== INSTRUCTIONS FOR THE TASK ==
Give the count of lines in the data that include "Material", with no other words.

== Excerpts from a dataset ==
########################################

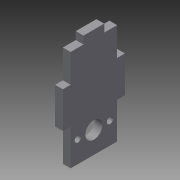
# Autodesk Inventor part: AngleLower
Saved by Autodesk Inventor 2013 (Build 170138000, 138)
## iProperties
Created: 2013-04-21
Part Number: AngleLower
Material: Generic
Document SubType Name: Modeling
Designer: fuji
Density: 1 g/cm^3
Author: fuji
Autodesk Inventor part; units mm, degrees
ref_plane "YZ Plane" through (0, 0, 0) normal (1, 0, 0) x (0, 1, 0)
ref_plane "XZ Plane" through (0, 0, 0) normal (0, 1, 0) x (-1, 0, 0)
ref_plane "XY Plane" through (0, 0, 0) normal (0, 0, 1) x (1, 0, 0)
sketch "Sketch1" plane through (0, 0, 0) normal (1, 0, 0) x (0, 1, 0)
  line L0 (0, 0) -> (41.275, 0)
  line L1 (41.275, 0) -> (41.275, -19.05)
  line L2 (41.275, -19.05) -> (0, -19.05)
  line L3 (0, -19.05) -> (0, 0)
  dimension "d0" = 41.275
  dimension "d1" = 19.05
  constraints: 8 end point, 2 parallel, 1 horizontal, 1 perpendicular
  measures "d0" distance of L1.end L2.end
  measures "d1" distance of L0.end L1.end
extrude "Extrusion1" add sketch "Sketch1" along normal blind 3.175
sketch "Sketch2" plane through (3.175, 0, 0) normal (1, 0, 0) x (0, 0, -1)
  line L0 (0, 41.275) -> (0, 0) projected
  line L1 (0, 0) -> (19.05, 0) projected
  line L2 (19.05, 0) -> (19.05, 41.275) projected
  line L3 (19.05, 41.275) -> (0, 41.275) projected
  line L4 (5.2917, 41.275) -> (13.7583, 41.275)
  line L5 (13.7583, 41.275) -> (13.7583, 44.45)
  line L6 (13.7583, 44.45) -> (5.2917, 44.45)
  line L7 (5.2917, 44.45) -> (5.2917, 41.275)
  line L8 (19.05, 29.6333) -> (22.225, 29.6333)
  line L9 (22.225, 29.6333) -> (22.225, 14.8167)
  line L10 (22.225, 14.8167) -> (19.05, 14.8167)
  line L11 (19.05, 14.8167) -> (19.05, 29.6333)
  line L12 (0, 29.6333) -> (-3.175, 29.6333)
  line L13 (-3.175, 29.6333) -> (-3.175, 14.8167)
  line L14 (-3.175, 14.8167) -> (0, 14.8167)
  line L15 (0, 14.8167) -> (0, 29.6333)
  dimension "d4" = 8.4667
  dimension "d5" = 3.175
  dimension "d6" = 5.2917
  dimension "d7" = 3.175
  dimension "d8" = 14.8167
  dimension "d9" = 3.175
  dimension "d10" = 14.8167
  dimension "d11" = 14.8167
  constraints: 24 end point, 6 parallel, 3 horizontal, 3 perpendicular, 3 point on line, 1 collinear
  measures "d4" distance of L6.end L5.end
  measures "d5" distance of L5.end L4.end
  measures "d6" distance between parallel lines of L7 L0
  measures "d7" distance of L9.end L10.end
  measures "d8" distance of L8.end L9.end
  measures "d9" distance of L14.end L13.end
  measures "d10" distance of L13.end L12.end
  measures "d11" distance between parallel lines of L14 L1
extrude "Extrusion2" add sketch "Sketch2" against normal blind 3.175 contours L0 L14 L13 L12 | L7 L6 L5 L3 | L8 L9 L10 L2
sketch "Sketch3" plane through (3.175, 0, 0) normal (1, 0, 0) x (0, 0, -1)
  line L0 (-3.175, 29.6333) -> (-3.175, 14.8167) projected
  line L1 (0, 0) -> (19.05, 0) projected
  circle A0 centre (9.525, 8.89) radius 3.5052
  circle A1 centre (16.1036, 8.89) radius 0.889
  circle A2 centre (2.9464, 8.89) radius 0.889
  dimension "d14" = 7.0104
  dimension "d15" = 12.7
  dimension "d16" = 8.89
  dimension "d17" = 1.778
  dimension "d18" = 1.778
  dimension "d19" = 13.1572
  dimension "d20" = 6.5786
  constraints: 3 centre point
  measures "d14" diameter of A0
  measures "d15" distance from line of A0.centre L0
  measures "d16" distance from line of L1 A0.centre
  measures "d17" diameter of A1
  measures "d18" diameter of A2
  measures "d19" distance of A1.centre A2.centre
  measures "d20" distance of A0.centre A1.centre
extrude "Extrusion3" cut sketch "Sketch3" against normal blind 3.175
equation "\"d0\" = angleHeight - thick"
equation "\"d1\" = angleDepth - 2 * thick"
equation "\"d2\" = thick"
equation "\"d4\" = 0.333333 * angleDepth"
equation "\"d5\" = thick"
equation "\"d6\" = 0.333333 * angleDepth - thick"
equation "\"d7\" = thick"
equation "\"d8\" = 0.333333 * angleHeight"
equation "\"d9\" = thick"
equation "\"d10\" = 0.333333 * angleHeight"
equation "\"d11\" = 0.333333 * angleHeight"
equation "\"d12\" = thick"
equation "\"d14\" = hornCenter"
equation "\"d15\" = 0.5 * angleDepth"
equation "\"d16\" = hornOffset"
equation "\"d17\" = hornHole"
equation "\"d18\" = hornHole"
equation "\"d19\" = hornDia"
equation "\"d20\" = 0.5 * hornDia"
equation "\"d21\" = thick"
equation "\"angleHeight\" = 44.45"
equation "\"angleDepth\" = 25.4"
equation "\"hornCenter\" = 7.0104"
equation "\"hornOffset\" = 8.89"
equation "\"thick\" = 3.175"
equation "\"hornHole\" = 1.778"
equation "\"hornDia\" = 13.1572"
body "Solid1"
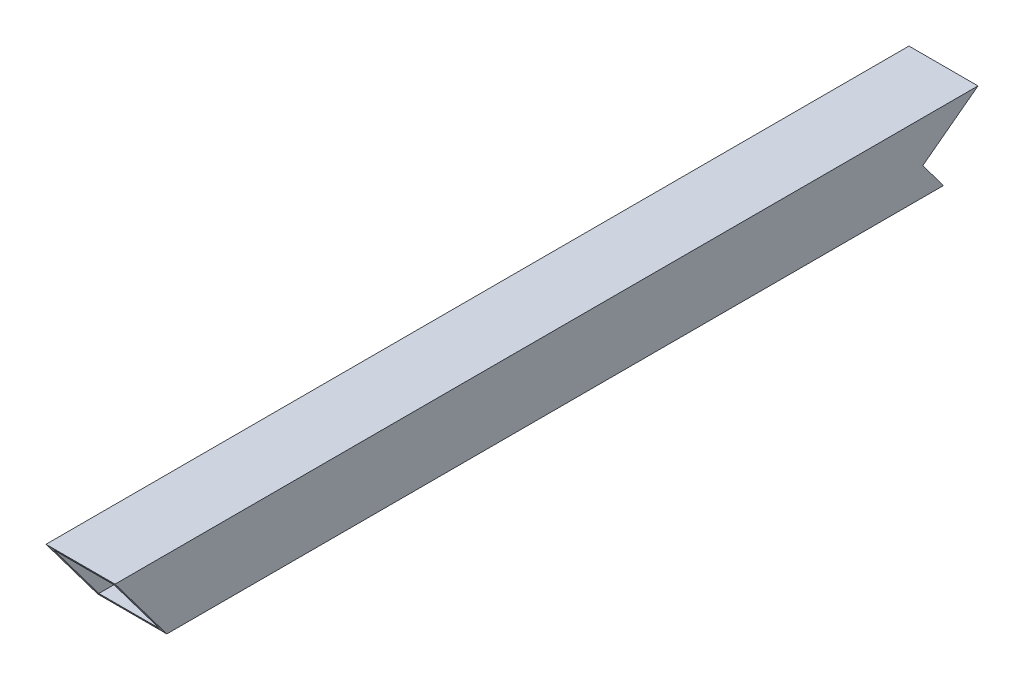
# Autodesk Inventor part: angle support
Saved by Autodesk Inventor 2016 (Build 200138000, 138)
## iProperties
Created: 2016-02-04
Part Number: angle support
Material: Aluminum 6061
Document SubType Name: Modeling
Designer: gus
Density: 2.7 g/cm^3
Appearance: Aluminum - Flat
Author: gus
Autodesk Inventor part; units mm, degrees
ref_plane "YZ Plane" through (0, 0, 0) normal (1, 0, 0) x (0, 1, 0)
ref_plane "XZ Plane" through (0, 0, 0) normal (0, 1, 0) x (-1, 0, 0)
ref_plane "XY Plane" through (0, 0, 0) normal (0, 0, 1) x (1, 0, 0)
sketch "Sketch1" plane through (0, 0, 0) normal (0, 0, 1) x (1, 0, 0)
  line L0 (0, 0) -> (25.4, 0)
  line L1 (25.4, 0) -> (25.4, 25.4)
  line L2 (25.4, 25.4) -> (0, 25.4)
  line L3 (0, 25.4) -> (0, 0)
  line L4 (1.5875, 23.8125) -> (23.8125, 23.8125)
  line L5 (23.8125, 23.8125) -> (23.8125, 1.5875)
  line L6 (23.8125, 1.5875) -> (1.5875, 1.5875)
  line L7 (1.5875, 1.5875) -> (1.5875, 23.8125)
  dimension "d0" = 25.4
  dimension "d1" = 25.4
  dimension "d2" = 1.5875
  constraints: 16 end point, 4 parallel, 2 perpendicular, 1 horizontal, 3 other
  measures "d0" distance of L2.end L1.end
  measures "d1" distance of L1.end L0.end
  measures "d2" distance between parallel lines of L2 L4
extrude "Extrusion1" add sketch "Sketch1" along normal blind 317.5
sketch "Sketch2" plane through (25.4, 0, 0) normal (1, 0, 0) x (0, 0, -1)
  line L0 (0, 0) -> (0, 25.4) projected
  line L1 (0, 25.4) -> (0, 0)
  line L2 (0, 25.4) -> (-317.5, 25.4) projected
  line L3 (-317.5, 25.4) -> (-298.45, 0)
  line L4 (-317.5, 23.8125) -> (-317.5, 1.5875) projected
  line L5 (-298.45, 0) -> (-317.5, 0)
  line L6 (-317.5, 0) -> (-317.5, 25.4) projected
  line L7 (-317.5, 25.4) -> (-317.5, 0)
  line L8 (0, 25.4) -> (-20.32, 10.16)
  line L9 (-20.32, 10.16) -> (-12.7, 0)
  line L10 (0, 0) -> (-317.5, 0) projected
  line L11 (-12.7, 0) -> (0, 0)
  dimension "d6" = 36.87
  dimension "d9" = 53.13
  dimension "d10" = 25.4
  constraints: 14 end point, 3 collinear, 2 point on line, 1 perpendicular
  measures "d6" angle of L4 L3
  measures "d9" angle of L0 L8
  measures "d10" distance of L0.end L8.end
extrude "Extrusion3" cut sketch "Sketch2" against normal blind 25.4 contours L10 L9 L8 L0 | L3 L5 L6 L4
body "Solid1"

########################################

== TASK OUTPUT ==
2